• **TASK GOAL**
In the entries below, filter for the word "point" and copy every matching line.

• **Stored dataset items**
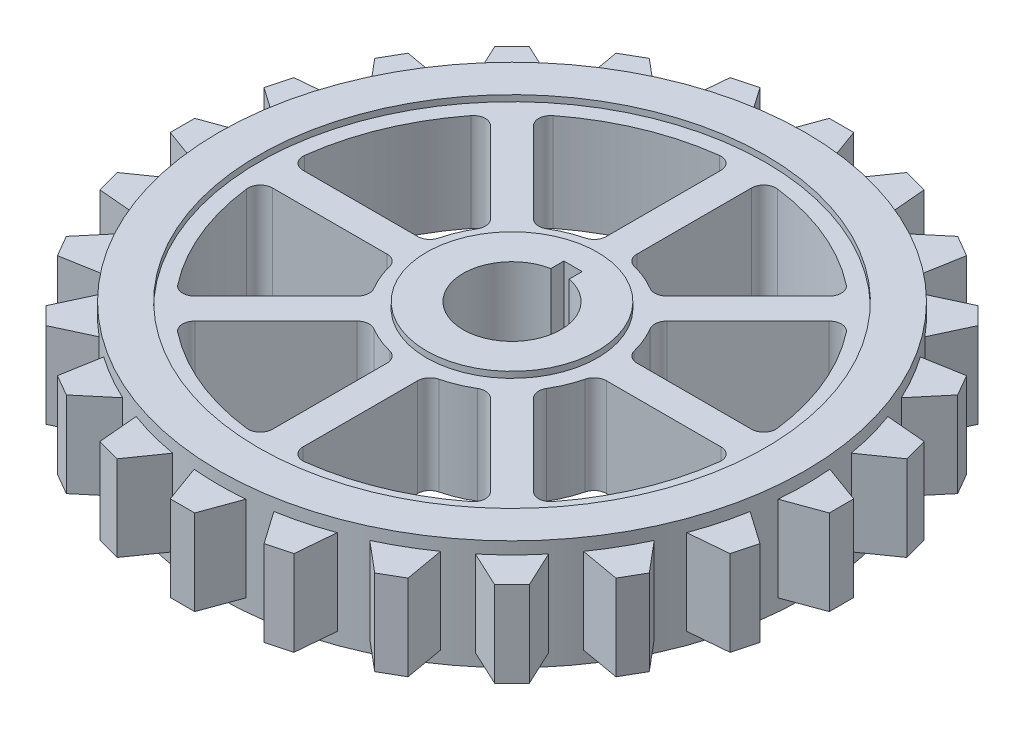
SolidWorks part; units mm, degrees
ref_plane "Front Plane" through (0, 0, 0) normal (0, 0, 1) x (1, 0, 0)
ref_plane "Top Plane" through (0, 0, 0) normal (0, 1, 0) x (1, 0, 0)
ref_plane "Right Plane" through (0, 0, 0) normal (1, 0, 0) x (0, 0, -1)
sketch "Sketch1" plane through (0, 0, 0) normal (0, 1, 0) x (1, 0, 0)
  line L0 (0, 0) -> (0, 10) construction
  line L1 (-1.5, 7.8581) -> (-1.5, 10)
  line L2 (-1.5, 10) -> (1.5, 10)
  line L6 (1.5, 7.8581) -> (1.5, 10)
  line L7 (0, 10) -> (0, 37.3528) construction
  line L8 (-2.5, 16.3095) -> (-2.5, 38.9198)
  line L9 (2.5, 16.3095) -> (2.5, 38.9198)
  line L10 (9.7648, 13.3003) -> (25.7527, 29.2882)
  line L11 (13.3003, 9.7648) -> (29.2882, 25.7527)
  line L12 (16.3095, 2.5) -> (38.9198, 2.5)
  line L13 (16.3095, -2.5) -> (38.9198, -2.5)
  line L14 (13.3003, -9.7648) -> (29.2882, -25.7527)
  line L15 (9.7648, -13.3003) -> (25.7527, -29.2882)
  line L16 (2.5, -16.3095) -> (2.5, -38.9198)
  line L17 (-2.5, -16.3095) -> (-2.5, -38.9198)
  line L18 (-9.7648, -13.3003) -> (-25.7527, -29.2882)
  line L19 (-13.3003, -9.7648) -> (-29.2882, -25.7527)
  line L20 (-16.3095, -2.5) -> (-38.9198, -2.5)
  line L21 (-16.3095, 2.5) -> (-38.9198, 2.5)
  line L22 (-13.3003, 9.7648) -> (-29.2882, 25.7527)
  line L23 (-9.7648, 13.3003) -> (-25.7527, 29.2882)
  line L24 (0, 48) -> (0, 65.9739) construction
  line L25 (-4.2386, 47.8125) -> (-2, 53.963)
  line L26 (-2, 53.963) -> (2, 53.963)
  line L27 (4.2386, 47.8125) -> (2, 53.963)
  line L28 (16.4689, 45.0863) -> (15.8985, 51.6066)
  line L29 (8.2806, 47.2803) -> (12.0348, 52.6418)
  line L30 (12.0348, 52.6418) -> (15.8985, 51.6066)
  line L31 (27.577, 39.2875) -> (28.7135, 45.7333)
  line L32 (20.2355, 43.5261) -> (25.2494, 47.7333)
  line L33 (25.2494, 47.7333) -> (28.7135, 45.7333)
  line L34 (36.8057, 30.8114) -> (39.5718, 36.7434)
  line L35 (30.8114, 36.8057) -> (36.7434, 39.5718)
  line L36 (36.7434, 39.5718) -> (39.5718, 36.7434)
  line L37 (43.5261, 20.2355) -> (47.7333, 25.2494)
  line L38 (39.2875, 27.577) -> (45.7333, 28.7135)
  line L39 (45.7333, 28.7135) -> (47.7333, 25.2494)
  line L40 (47.2803, 8.2806) -> (52.6418, 12.0348)
  line L41 (45.0863, 16.4689) -> (51.6066, 15.8985)
  line L42 (51.6066, 15.8985) -> (52.6418, 12.0348)
  line L43 (47.8125, -4.2386) -> (53.963, -2)
  line L44 (47.8125, 4.2386) -> (53.963, 2)
  line L45 (53.963, 2) -> (53.963, -2)
  line L46 (45.0863, -16.4689) -> (51.6066, -15.8985)
  line L47 (47.2803, -8.2806) -> (52.6418, -12.0348)
  line L48 (52.6418, -12.0348) -> (51.6066, -15.8985)
  line L49 (39.2875, -27.577) -> (45.7333, -28.7135)
  line L50 (43.5261, -20.2355) -> (47.7333, -25.2494)
  line L51 (47.7333, -25.2494) -> (45.7333, -28.7135)
  line L52 (30.8114, -36.8057) -> (36.7434, -39.5718)
  line L53 (36.8057, -30.8114) -> (39.5718, -36.7434)
  line L54 (39.5718, -36.7434) -> (36.7434, -39.5718)
  line L55 (20.2355, -43.5261) -> (25.2494, -47.7333)
  line L56 (27.577, -39.2875) -> (28.7135, -45.7333)
  line L57 (28.7135, -45.7333) -> (25.2494, -47.7333)
  line L58 (8.2806, -47.2803) -> (12.0348, -52.6418)
  line L59 (16.4689, -45.0863) -> (15.8985, -51.6066)
  line L60 (15.8985, -51.6066) -> (12.0348, -52.6418)
  line L61 (-4.2386, -47.8125) -> (-2, -53.963)
  line L62 (4.2386, -47.8125) -> (2, -53.963)
  line L63 (2, -53.963) -> (-2, -53.963)
  line L64 (-16.4689, -45.0863) -> (-15.8985, -51.6066)
  line L65 (-8.2806, -47.2803) -> (-12.0348, -52.6418)
  line L66 (-12.0348, -52.6418) -> (-15.8985, -51.6066)
  line L67 (-27.577, -39.2875) -> (-28.7135, -45.7333)
  line L68 (-20.2355, -43.5261) -> (-25.2494, -47.7333)
  line L69 (-25.2494, -47.7333) -> (-28.7135, -45.7333)
  line L70 (-36.8057, -30.8114) -> (-39.5718, -36.7434)
  line L71 (-30.8114, -36.8057) -> (-36.7434, -39.5718)
  line L72 (-36.7434, -39.5718) -> (-39.5718, -36.7434)
  line L73 (-43.5261, -20.2355) -> (-47.7333, -25.2494)
  line L74 (-39.2875, -27.577) -> (-45.7333, -28.7135)
  line L75 (-45.7333, -28.7135) -> (-47.7333, -25.2494)
  line L76 (-47.2803, -8.2806) -> (-52.6418, -12.0348)
  line L77 (-45.0863, -16.4689) -> (-51.6066, -15.8985)
  line L78 (-51.6066, -15.8985) -> (-52.6418, -12.0348)
  line L79 (-47.8125, 4.2386) -> (-53.963, 2)
  line L80 (-47.8125, -4.2386) -> (-53.963, -2)
  line L81 (-53.963, -2) -> (-53.963, 2)
  line L82 (-45.0863, 16.4689) -> (-51.6066, 15.8985)
  line L83 (-47.2803, 8.2806) -> (-52.6418, 12.0348)
  line L84 (-52.6418, 12.0348) -> (-51.6066, 15.8985)
  line L85 (-39.2875, 27.577) -> (-45.7333, 28.7135)
  line L86 (-43.5261, 20.2355) -> (-47.7333, 25.2494)
  line L87 (-47.7333, 25.2494) -> (-45.7333, 28.7135)
  line L88 (-30.8114, 36.8057) -> (-36.7434, 39.5718)
  line L89 (-36.8057, 30.8114) -> (-39.5718, 36.7434)
  line L90 (-39.5718, 36.7434) -> (-36.7434, 39.5718)
  line L91 (-20.2355, 43.5261) -> (-25.2494, 47.7333)
  line L92 (-27.577, 39.2875) -> (-28.7135, 45.7333)
  line L93 (-28.7135, 45.7333) -> (-25.2494, 47.7333)
  line L94 (-8.2806, 47.2803) -> (-12.0348, 52.6418)
  line L95 (-16.4689, 45.0863) -> (-15.8985, 51.6066)
  line L96 (-15.8985, 51.6066) -> (-12.0348, 52.6418)
  line L97 (-8.2806, 47.2803) -> (-16.4689, 45.0863) construction
  arc A0 (-16.4689, 45.0863) -> (-20.2355, 43.5261) centre (0, 0) ccw
  circle A1 centre (0, 0) radius 41.5
  arc A2 (-29.2882, 25.7527) -> (-38.9198, 2.5) centre (0, 0) ccw
  circle A4 centre (0, 0) radius 14
  arc A5 (-1.5, 7.8581) -> (1.5, 7.8581) centre (0, 0) ccw
  arc A6 (-13.3003, 9.7648) -> (-16.3095, 2.5) centre (0, 0) ccw
  arc A7 (-2.5, 38.9198) -> (-25.7527, 29.2882) centre (0, 0) ccw
  arc A8 (25.7527, 29.2882) -> (2.5, 38.9198) centre (0, 0) ccw
  arc A9 (38.9198, 2.5) -> (29.2882, 25.7527) centre (0, 0) ccw
  arc A10 (29.2882, -25.7527) -> (38.9198, -2.5) centre (0, 0) ccw
  arc A11 (2.5, -38.9198) -> (25.7527, -29.2882) centre (0, 0) ccw
  arc A12 (-25.7527, -29.2882) -> (-2.5, -38.9198) centre (0, 0) ccw
  arc A13 (-38.9198, -2.5) -> (-29.2882, -25.7527) centre (0, 0) ccw
  arc A14 (-2.5, 16.3095) -> (-9.7648, 13.3003) centre (0, 0) ccw
  arc A15 (9.7648, 13.3003) -> (2.5, 16.3095) centre (0, 0) ccw
  arc A16 (16.3095, 2.5) -> (13.3003, 9.7648) centre (0, 0) ccw
  arc A17 (13.3003, -9.7648) -> (16.3095, -2.5) centre (0, 0) ccw
  arc A18 (2.5, -16.3095) -> (9.7648, -13.3003) centre (0, 0) ccw
  arc A19 (-9.7648, -13.3003) -> (-2.5, -16.3095) centre (0, 0) ccw
  arc A20 (-16.3095, -2.5) -> (-13.3003, -9.7648) centre (0, 0) ccw
  circle A21 centre (0, 0) radius 14
  circle A22 centre (0, 0) radius 14
  circle A23 centre (0, 0) radius 14
  circle A24 centre (0, 0) radius 14
  circle A25 centre (0, 0) radius 14
  circle A26 centre (0, 0) radius 14
  circle A27 centre (0, 0) radius 14
  circle A28 centre (0, 0) radius 14
  circle A29 centre (0, 0) radius 14
  circle A30 centre (0, 0) radius 14
  circle A31 centre (0, 0) radius 14
  circle A32 centre (0, 0) radius 14
  circle A33 centre (0, 0) radius 14
  circle A34 centre (0, 0) radius 14
  circle A35 centre (0, 0) radius 14
  circle A36 centre (0, 0) radius 14
  circle A37 centre (0, 0) radius 14
  circle A38 centre (0, 0) radius 14
  circle A39 centre (0, 0) radius 14
  circle A40 centre (0, 0) radius 14
  circle A41 centre (0, 0) radius 14
  circle A42 centre (0, 0) radius 14
  circle A43 centre (0, 0) radius 14
  arc A44 (-4.2386, 47.8125) -> (-8.2806, 47.2803) centre (0, 0) ccw
  arc A45 (8.2806, 47.2803) -> (4.2386, 47.8125) centre (0, 0) ccw
  arc A46 (20.2355, 43.5261) -> (16.4689, 45.0863) centre (0, 0) ccw
  arc A47 (30.8114, 36.8057) -> (27.577, 39.2875) centre (0, 0) ccw
  arc A48 (39.2875, 27.577) -> (36.8057, 30.8114) centre (0, 0) ccw
  arc A49 (45.0863, 16.4689) -> (43.5261, 20.2355) centre (0, 0) ccw
  arc A50 (47.8125, 4.2386) -> (47.2803, 8.2806) centre (0, 0) ccw
  arc A51 (47.2803, -8.2806) -> (47.8125, -4.2386) centre (0, 0) ccw
  arc A52 (43.5261, -20.2355) -> (45.0863, -16.4689) centre (0, 0) ccw
  arc A53 (36.8057, -30.8114) -> (39.2875, -27.577) centre (0, 0) ccw
  arc A54 (27.577, -39.2875) -> (30.8114, -36.8057) centre (0, 0) ccw
  arc A55 (16.4689, -45.0863) -> (20.2355, -43.5261) centre (0, 0) ccw
  arc A56 (4.2386, -47.8125) -> (8.2806, -47.2803) centre (0, 0) ccw
  arc A57 (-8.2806, -47.2803) -> (-4.2386, -47.8125) centre (0, 0) ccw
  arc A58 (-20.2355, -43.5261) -> (-16.4689, -45.0863) centre (0, 0) ccw
  arc A59 (-30.8114, -36.8057) -> (-27.577, -39.2875) centre (0, 0) ccw
  arc A60 (-39.2875, -27.577) -> (-36.8057, -30.8114) centre (0, 0) ccw
  arc A61 (-45.0863, -16.4689) -> (-43.5261, -20.2355) centre (0, 0) ccw
  arc A62 (-47.8125, -4.2386) -> (-47.2803, -8.2806) centre (0, 0) ccw
  arc A63 (-47.2803, 8.2806) -> (-47.8125, 4.2386) centre (0, 0) ccw
  arc A64 (-43.5261, 20.2355) -> (-45.0863, 16.4689) centre (0, 0) ccw
  arc A65 (-36.8057, 30.8114) -> (-39.2875, 27.577) centre (0, 0) ccw
  arc A66 (-27.577, 39.2875) -> (-30.8114, 36.8057) centre (0, 0) ccw
  circle A67 centre (0, 0) radius 48
  circle A68 centre (0, 0) radius 54 construction
  point P48 (0, 0)
  point P50 (0, 53.963)
  point P169 (0, 0)
  dimension "D1" = 96
  dimension "D2" = 6.5
  dimension "D3" = 2.5
  dimension "D4" = 6
  dimension "D5" = 28
  dimension "D6" = 16
  dimension "D9" = 2.5
  dimension "D7" = 1.5
  dimension "D8" = 10
  dimension "D10" = 5
  dimension "D12" = 2
  dimension "D13" = 40
  dimension "D14" = 24
  dimension "D11" = 8
extrude "Boss-Extrude1" add sketch "Sketch1" along normal mid plane 14 contours A67 L88 L90 L89 | A67 L85 L87 L86 | A67 L82 L84 L83 | A67 L79 L81 L80 | A67 L76 L78 L77 | A67 L73 L75 L74 | A67 L70 L72 L71 | A67 L67 L69 L68 | A67 L64 L66 L65 | A67 L61 L63 L62 | A67 L58 L60 L59 | A67 L55 L57 L56 | A67 L52 L54 L53 | A67 L49 L51 L50 | A67 L46 L48 L47 | A67 L43 L45 L44 | A67 L40 L42 L41 | A67 L37 L39 L38 | A67 L34 L36 L35 | A67 L31 L33 L32 | A67 L28 L30 L29 | A67 L27 L26 L25 | A67 L94 L96 L95 | A67 L91 L93 L92 | A56 A67 A55 A54 A53 A52 A51 A50 A49 A48 A47 A46 A45 A44 A0 A66 A65 A64 A63 A62 A61 A60 A59 A58 A57 A1 | A1 A4 L22 A6 L21 A2 L8 A14 L23 A7 L10 A15 L9 A8 L12 A16 L11 A9 L14 A17 L13 A10 L16 A18 L15 A11 L18 A19 L17 A12 L20 A20 L19 A13 | A4 A5 L1 L2 L6 region at (0, 0, -46.6424) region at (0, 0, -50.5947) region at (-13.0949, 0, -48.8707) region at (13.0949, 0, -48.8707) region at (-25.2973, 0, -43.8163) region at (25.2973, 0, -43.8163) region at (-35.7758, 0, -35.7758) region at (35.7758, 0, -35.7758) region at (-43.8163, 0, -25.2973) region at (43.8163, 0, -25.2973) region at (-48.8707, 0, -13.0949) region at (48.8707, 0, -13.0949) region at (-50.5947, 0, 0) region at (50.5947, 0, 0) region at (-48.8707, 0, 13.0949) region at (-43.8163, 0, 25.2973) region at (48.8707, 0, 13.0949) region at (-35.7758, 0, 35.7758) region at (43.8163, 0, 25.2973) region at (-25.2973, 0, 43.8163) region at (35.7758, 0, 35.7758) region at (-13.0949, 0, 48.8707) region at (25.2973, 0, 43.8163) region at (0, 0, 50.5947) region at (13.0949, 0, 48.8707) region at (-40.3262, 0, 0) region at (-13.604, 0, 0)
extrude "Boss-Extrude2" add sketch "Sketch1<4>" along normal mid plane 18 contours A56 A67 A55 A54 A53 A52 A51 A50 A49 A48 A47 A46 A45 A44 A0 A66 A65 A64 A63 A62 A61 A60 A59 A58 A57 A1 | A4 A5 L1 L2 L6 region at (0, 0, -46.6424) region at (-13.604, 0, 0)
sketch "Sketch1<4>" plane through (0, 0, 0) normal (0, 1, 0) x (1, 0, 0) same geometry as "Sketch1"
extrude "Boss-Extrude3" add sketch "Sketch1<5>" along normal mid plane 16 contours A1 A4 L22 A6 L21 A2 L8 A14 L23 A7 L10 A15 L9 A8 L12 A16 L11 A9 L14 A17 L13 A10 L16 A18 L15 A11 L18 A19 L17 A12 L20 A20 L19 A13 region at (-40.3262, 0, 0)
sketch "Sketch1<5>" plane through (0, 0, 0) normal (0, 1, 0) x (1, 0, 0) same geometry as "Sketch1"
fillet "Fillet2" radius 2 32 edges at (-38.9198, 0, 2.5) (-29.2882, 0, 25.7527) (-13.3003, 0, 9.7648) (-16.3095, 0, 2.5) (-25.7527, 0, 29.2882) (-2.5, 0, 38.9198) (-2.5, 0, 16.3095) (-9.7648, 0, 13.3003) (2.5, 0, 38.9198) (25.7527, 0, 29.2882) (9.7648, 0, 13.3003) (2.5, 0, 16.3095) (29.2882, 0, 25.7527) (38.9198, 0, 2.5) (16.3095, 0, 2.5) (13.3003, 0, 9.7648) (38.9198, 0, -2.5) (29.2882, 0, -25.7527) (13.3003, 0, -9.7648) (16.3095, 0, -2.5) (25.7527, 0, -29.2882) (2.5, 0, -38.9198) (2.5, 0, -16.3095) (9.7648, 0, -13.3003) (-9.7648, 0, -13.3003) (-2.5, 0, -16.3095) (-29.2882, 0, -25.7527) (-38.9198, 0, -2.5) (-16.3095, 0, -2.5) (-13.3003, 0, -9.7648) (-25.7527, 0, -29.2882) (-2.5, 0, -38.9198)

• **PROBLEM SOLUTION**
  point P48 (0, 0)
  point P50 (0, 53.963)
  point P169 (0, 0)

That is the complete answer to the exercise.